Using the transfer matrix (TM) method, the propagation of electrons is studied, in a one-dimensional multi-quantum well composed of alternating layers of barriers and wells. In the first time, we proposed system with a single barrier CdMnTe is embedded between two semi-infinite substrates. Hence, the corresponding Eigen modes energies were found to be shifted towards lower energies as the barrier thickness increases. The resulting Eigen modes are characterized by a high transmission rates but a very low quality factor values, which highlight the importance of the system periodicity. On the other hand, in order to create localized states in the band gaps, a defective system is exanimated. Indeed, a defect barrier is inserted in a perfect multi-quantum wells (MQWs) system, basically made of repeated CdMnTe barriers and CdTe wells. This defective system can create multi defect modes in the electronic band gaps. The analysis of the transmittance spectra of the defect states evidences a shift to lower energies by increasing the defect thickness with fixed parameters of the system. These defect states move toward higher energy regions, when the concentration of defect increases. In addition, the energy of the defect states varying from 600 meV to 785 meV. We found one defect state for a defect concentration equal to 0.7, when the defect thickness is equal to 5 A. Otherwise, for a defect concentration equal to 0.1, with a defect thickness of 150 A, we found two defect states appeared inside the gaps. While, three defect states were found for a concentration interval between 0.3 and 0.5 and a defect thickness equal respectively to 127 A and 145 A. These defect states have higher quality factors reaching 7630000. Moreover, it shown that the number of gaps modes depends on the defect concentration’s and thickness’ parameters. High quality factors are reached, and an electron multi-channel filtering system is then proposed.
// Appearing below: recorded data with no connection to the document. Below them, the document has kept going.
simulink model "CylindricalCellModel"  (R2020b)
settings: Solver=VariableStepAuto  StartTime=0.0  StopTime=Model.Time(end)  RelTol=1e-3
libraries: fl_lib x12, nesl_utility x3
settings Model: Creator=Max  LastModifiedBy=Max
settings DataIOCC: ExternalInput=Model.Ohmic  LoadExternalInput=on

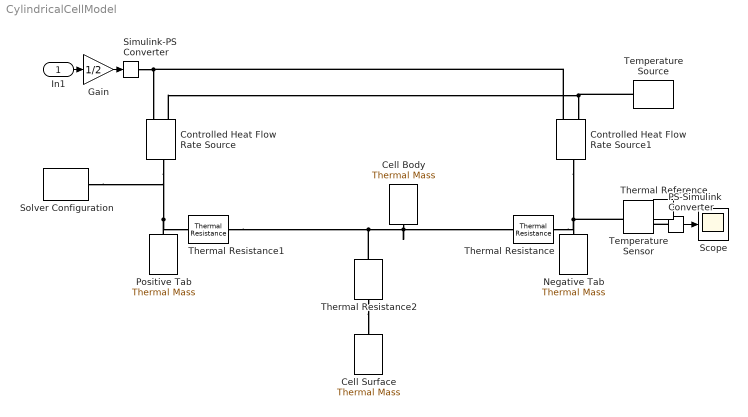
== system CylindricalCellModel ==
  In1 : Inport
  Cell Body : fl_lib/Thermal/Thermal Elements/Thermal Mass  mass=Cell.Mass kg  sp_heat=Cell.Cp J/kg/K  T_specify=off  T_priority=High  T=300 K  T_nominal_specify=off  T_nominal_unit=K  T_nominal_value=1  Q_specify=off  Q_priority=None  Q=0 W  Q_nominal_specify=off  Q_nominal_unit=W  Q_nominal_value=1
  Cell Surface : fl_lib/Thermal/Thermal Elements/Thermal Mass  mass=4 g  sp_heat=Cell.Cp J/kg/K  T_specify=off  T_priority=High  T=300 K  T_nominal_specify=off  T_nominal_unit=K  T_nominal_value=1  Q_specify=off  Q_priority=None  Q=0 W  Q_nominal_specify=off  Q_nominal_unit=W  Q_nominal_value=1
  Controlled Heat Flow Rate Source : fl_lib/Thermal/Thermal Sources/Controlled Heat Flow Rate Source
  Controlled Heat Flow Rate Source1 : fl_lib/Thermal/Thermal Sources/Controlled Heat Flow Rate Source
  Gain : Gain  Gain=1/2
  Negative Tab : fl_lib/Thermal/Thermal Elements/Thermal Mass  mass=2 g  sp_heat=Cell.Cp J/kg/K  T_specify=off  T_priority=High  T=300 K  T_nominal_specify=off  T_nominal_unit=K  T_nominal_value=1  Q_specify=off  Q_priority=None  Q=0 W  Q_nominal_specify=off  Q_nominal_unit=W  Q_nominal_value=1
  PS-Simulink Converter : nesl_utility/PS-Simulink Converter  PhysicalDomain=network_engine_domain  SubClassName=ps_output  LeftPortType=input  RightPortType=output  PseudoPeriodic=off  Frequencies=[]  Unit=inherit  AffineConversion=off
  Positive Tab : fl_lib/Thermal/Thermal Elements/Thermal Mass  mass=2 g  sp_heat=Cell.Cp J/kg/K  T_specify=off  T_priority=High  T=300 K  T_nominal_specify=off  T_nominal_unit=K  T_nominal_value=1  Q_specify=off  Q_priority=None  Q=0 W  Q_nominal_specify=off  Q_nominal_unit=W  Q_nominal_value=1
  Scope : Scope
  Simulink-PS Converter : nesl_utility/Simulink-PS Converter  PhysicalDomain=network_engine_domain  SubClassName=ps_input  LeftPortType=input  RightPortType=output  PseudoPeriodic=off  Frequencies=[]  NoiseDistribution=none  NoiseParameters=[]  Unit=1  AffineConversion=off  FilteringAndDerivatives=provide  SimscapeFilterOrder=1  InputFilterTimeConstant=0.001  UdotUserProvided=0
  Solver Configuration : nesl_utility/Solver Configuration  PhysicalDomain=network_engine_domain  SubClassName=solver  LeftPortType=input  RightPortType=generic  Tones=[]  Harmonics=[]  SimulateNoise=off  Profile=off  UseLocalSampling=off  EnableSwitchedLinearOptims=on  FrequencyDomain=off  UseCCode=off  RelTol=0.001  AbsTol=1e-06  MinStep=1e-09  ToWorkspace=off  RevertToSquareIcSolve=off  NumHomotopyIterations=100  PhasorMode=off  PhasorModeNumHarmonics=1  DoDC=off  ResidualTolerance=1e-09  UseLocalSolver=off  LocalSolverChoice=NE_BACKWARD_EULER_ADVANCER  LocalSolverSampleTime=0.001  DoFixedCost=off  MaxNonlinIter=3  MaxModeIter=2  ComputeImpulses=off  ImpulseIterations=2  LinearAlgebra=auto  EquationFormulation=NE_TIME_EF  DelaysMemoryBudget=1024  AutomaticFiltering=on  FilteringTimeConstant=0.001  PartitionStorageMethod=AS_NEEDED  PartitionMemoryBudget=1024  PartitionMethod=ROBUST
  Temperature Sensor : fl_lib/Thermal/Thermal Sensors/Temperature Sensor
  Temperature Source : fl_lib/Thermal/Thermal Sources/Temperature Source  temperature=35 degC
  Thermal Reference : fl_lib/Thermal/Thermal Elements/Thermal Reference
  Thermal Resistance : fl_lib/Thermal/Thermal Elements/Thermal Resistance  resistance=Cell.R_Axial K/W  T_specify=off  T_priority=None  T=0 K  T_nominal_specify=off  T_nominal_unit=K  T_nominal_value=1  Q_specify=off  Q_priority=None  Q=0 W  Q_nominal_specify=off  Q_nominal_unit=W  Q_nominal_value=1
      settings: SourceProductBaseCode=SS
  Thermal Resistance1 : fl_lib/Thermal/Thermal Elements/Thermal Resistance  resistance=Cell.R_Axial K/W  T_specify=off  T_priority=None  T=0 K  T_nominal_specify=off  T_nominal_unit=K  T_nominal_value=1  Q_specify=off  Q_priority=None  Q=0 W  Q_nominal_specify=off  Q_nominal_unit=W  Q_nominal_value=1
      settings: SourceProductBaseCode=SS
  Thermal Resistance2 : fl_lib/Thermal/Thermal Elements/Thermal Resistance  resistance=Cell.R_Radial K/W  T_specify=off  T_priority=None  T=0 K  T_nominal_specify=off  T_nominal_unit=K  T_nominal_value=1  Q_specify=off  Q_priority=None  Q=0 W  Q_nominal_specify=off  Q_nominal_unit=W  Q_nominal_value=1
      settings: SourceProductBaseCode=SS
  wires:
  In1/1 -> Gain/1
  Gain/1 -> Simulink-PS Converter/1
  PS-Simulink Converter/1 -> Scope/1
  connections:
  Thermal Resistance/RConn1 -- Temperature Sensor/LConn1 -- Controlled Heat Flow Rate Source1/LConn1 -- Negative Tab/LConn1
  Positive Tab/LConn1 -- Solver Configuration/RConn1 -- Controlled Heat Flow Rate Source/LConn1 -- Thermal Resistance1/RConn1
  Thermal Resistance2/RConn1 -- Cell Surface/LConn1
  Thermal Resistance1/LConn1 -- Cell Body/LConn1 -- Thermal Resistance/LConn1 -- Thermal Resistance2/LConn1
  Simulink-PS Converter/RConn1 -- Controlled Heat Flow Rate Source1/RConn1 -- Controlled Heat Flow Rate Source/RConn1
  Controlled Heat Flow Rate Source/RConn2 -- Temperature Source/LConn1 -- Controlled Heat Flow Rate Source1/RConn2
  Thermal Reference/LConn1 -- Temperature Sensor/RConn1
  PS-Simulink Converter/LConn1 -- Temperature Sensor/RConn2
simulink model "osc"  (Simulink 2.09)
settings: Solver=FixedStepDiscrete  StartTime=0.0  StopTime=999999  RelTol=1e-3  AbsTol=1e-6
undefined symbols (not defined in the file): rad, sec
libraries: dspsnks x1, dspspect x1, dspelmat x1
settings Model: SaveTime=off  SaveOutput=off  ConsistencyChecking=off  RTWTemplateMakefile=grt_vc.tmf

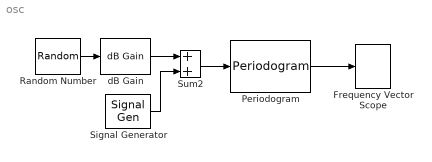
== system osc ==
  Frequency Vector Scope : dspsnks/Frequency Vector Scope  radsPop=rad/sec  frange=Half  ampl_scale=dB  ylabel=Magnitude, dB  figpos=[50 100 400 250]  ts=1
  Periodogram : dspspect/Periodogram  bufsiz=128  olap=64  fftsize=128  navg=4  wintype=Hamming  Rs=50  beta=5  winsamp=Symmetric  Ts=1
  Random Number : RandomNumber  Mean=0  Variance=1  Seed=0  SampleTime=1
  Signal Generator : SignalGenerator  WaveForm=sine  Amplitude=1.000000  Frequency=1.5  Units=rad/sec
  Sum2 : Sum  Inputs=++
  dB Gain : dspelmat/dB Gain  dB=-20  intype=Amplitude
  wires:
  Periodogram/1 -> Frequency Vector Scope/1
  dB Gain/1 -> Sum2/1
  Random Number/1 -> dB Gain/1
  Sum2/1 -> Periodogram/1
  Signal Generator/1 -> Sum2/2
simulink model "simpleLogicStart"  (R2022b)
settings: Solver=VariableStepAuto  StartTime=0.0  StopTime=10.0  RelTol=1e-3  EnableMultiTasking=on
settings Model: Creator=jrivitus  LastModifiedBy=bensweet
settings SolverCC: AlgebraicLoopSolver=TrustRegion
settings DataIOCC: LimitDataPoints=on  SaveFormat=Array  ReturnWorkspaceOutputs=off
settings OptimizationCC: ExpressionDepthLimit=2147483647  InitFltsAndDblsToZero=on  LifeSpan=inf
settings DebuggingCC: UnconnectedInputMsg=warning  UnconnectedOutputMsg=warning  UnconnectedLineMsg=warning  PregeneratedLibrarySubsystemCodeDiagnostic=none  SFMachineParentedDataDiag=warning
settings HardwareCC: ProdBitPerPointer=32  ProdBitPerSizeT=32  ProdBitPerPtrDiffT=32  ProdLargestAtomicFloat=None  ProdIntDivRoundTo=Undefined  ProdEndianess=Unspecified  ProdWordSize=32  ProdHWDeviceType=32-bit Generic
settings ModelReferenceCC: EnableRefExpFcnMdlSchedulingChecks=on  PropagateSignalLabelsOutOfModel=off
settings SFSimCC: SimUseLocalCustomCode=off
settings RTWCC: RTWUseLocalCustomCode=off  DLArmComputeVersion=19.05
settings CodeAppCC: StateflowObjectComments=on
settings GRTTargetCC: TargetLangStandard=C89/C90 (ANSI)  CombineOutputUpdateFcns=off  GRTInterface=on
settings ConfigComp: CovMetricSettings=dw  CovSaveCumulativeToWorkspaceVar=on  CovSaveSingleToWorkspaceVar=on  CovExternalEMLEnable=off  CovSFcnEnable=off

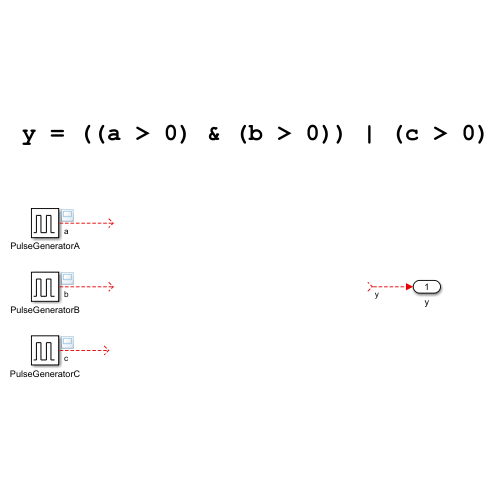
[thumbnail: Simulink's stored preview of the top-level diagram]
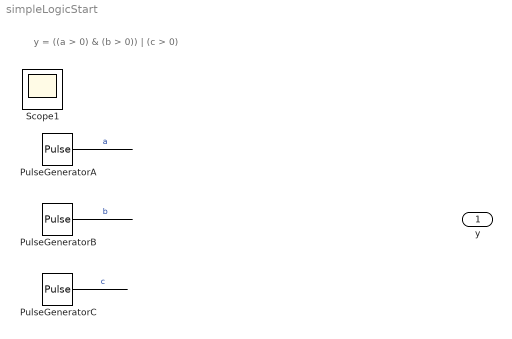
== system simpleLogicStart ==
  note: y = ((a > 0) & (b > 0)) | (c > 0)
  PulseGeneratorA : DiscretePulseGenerator  PulseType=Time based  Period=10  PulseWidth=20
  PulseGeneratorB : DiscretePulseGenerator  PulseType=Time based  Period=10  PulseWidth=20  PhaseDelay=1
  PulseGeneratorC : DiscretePulseGenerator  PulseType=Time based  Period=10  PulseWidth=20  PhaseDelay=7
  y : Outport  VectorParamsAs1DForOutWhenUnconnected=off
  Scope1 : Scope
  wires:
  ? -> y/1  "y"
  PulseGeneratorA/1 -> ?  "a"
  PulseGeneratorB/1 -> ?  "b"
  PulseGeneratorC/1 -> ?  "c"

使用转移矩阵 (TM) 方法，在由势垒和阱的交替层组成的一维多量子阱中研究电子的传播。我们首次提出了将单个势垒 CdMnTe 嵌入两个半无限衬底之间的系统。因此，发现相应的本征模式能量随着势垒厚度的增加而向较低能量移动。由此产生的本征模式的特点是传输速率高，但品质因数值非常低，这突出了系统周期性的重要性。另一方面，为了在带隙中创建局部状态，需要检查有缺陷的系统。事实上，缺陷势垒被插入到一个完美的多量子阱 (MQW) 系统中，该系统基本上由重复的 CdMnTe 势垒和 CdTe 阱组成。这种有缺陷的系统会在电子带隙中产生多种缺陷模式。对缺陷状态的透射光谱的分析证明，通过在系统的固定参数下增加缺陷厚度，向较低能量的转变。当缺陷浓度增加时，这些缺陷态向更高能量区域移动。此外，缺陷态的能量从 600 meV 到 785 meV 不等。当缺陷厚度等于 5 A 时，我们发现缺陷浓度等于 0.7 的一个缺陷态。否则，当缺陷浓度等于 0.1 时，缺陷厚度为 150 A，我们发现间隙内出现了两个缺陷态. 同时，在 0.3 和 0.5 之间的浓度间隔和分别等于 127 A 和 145 A 的缺陷厚度下发现了三种缺陷状态。这些缺陷状态具有更高的质量因子，达到 7630000。此外，它表明间隙模式的数量取决于缺陷浓度和厚度参数。达到了高质量因子，然后提出了一种电子多通道滤波系统。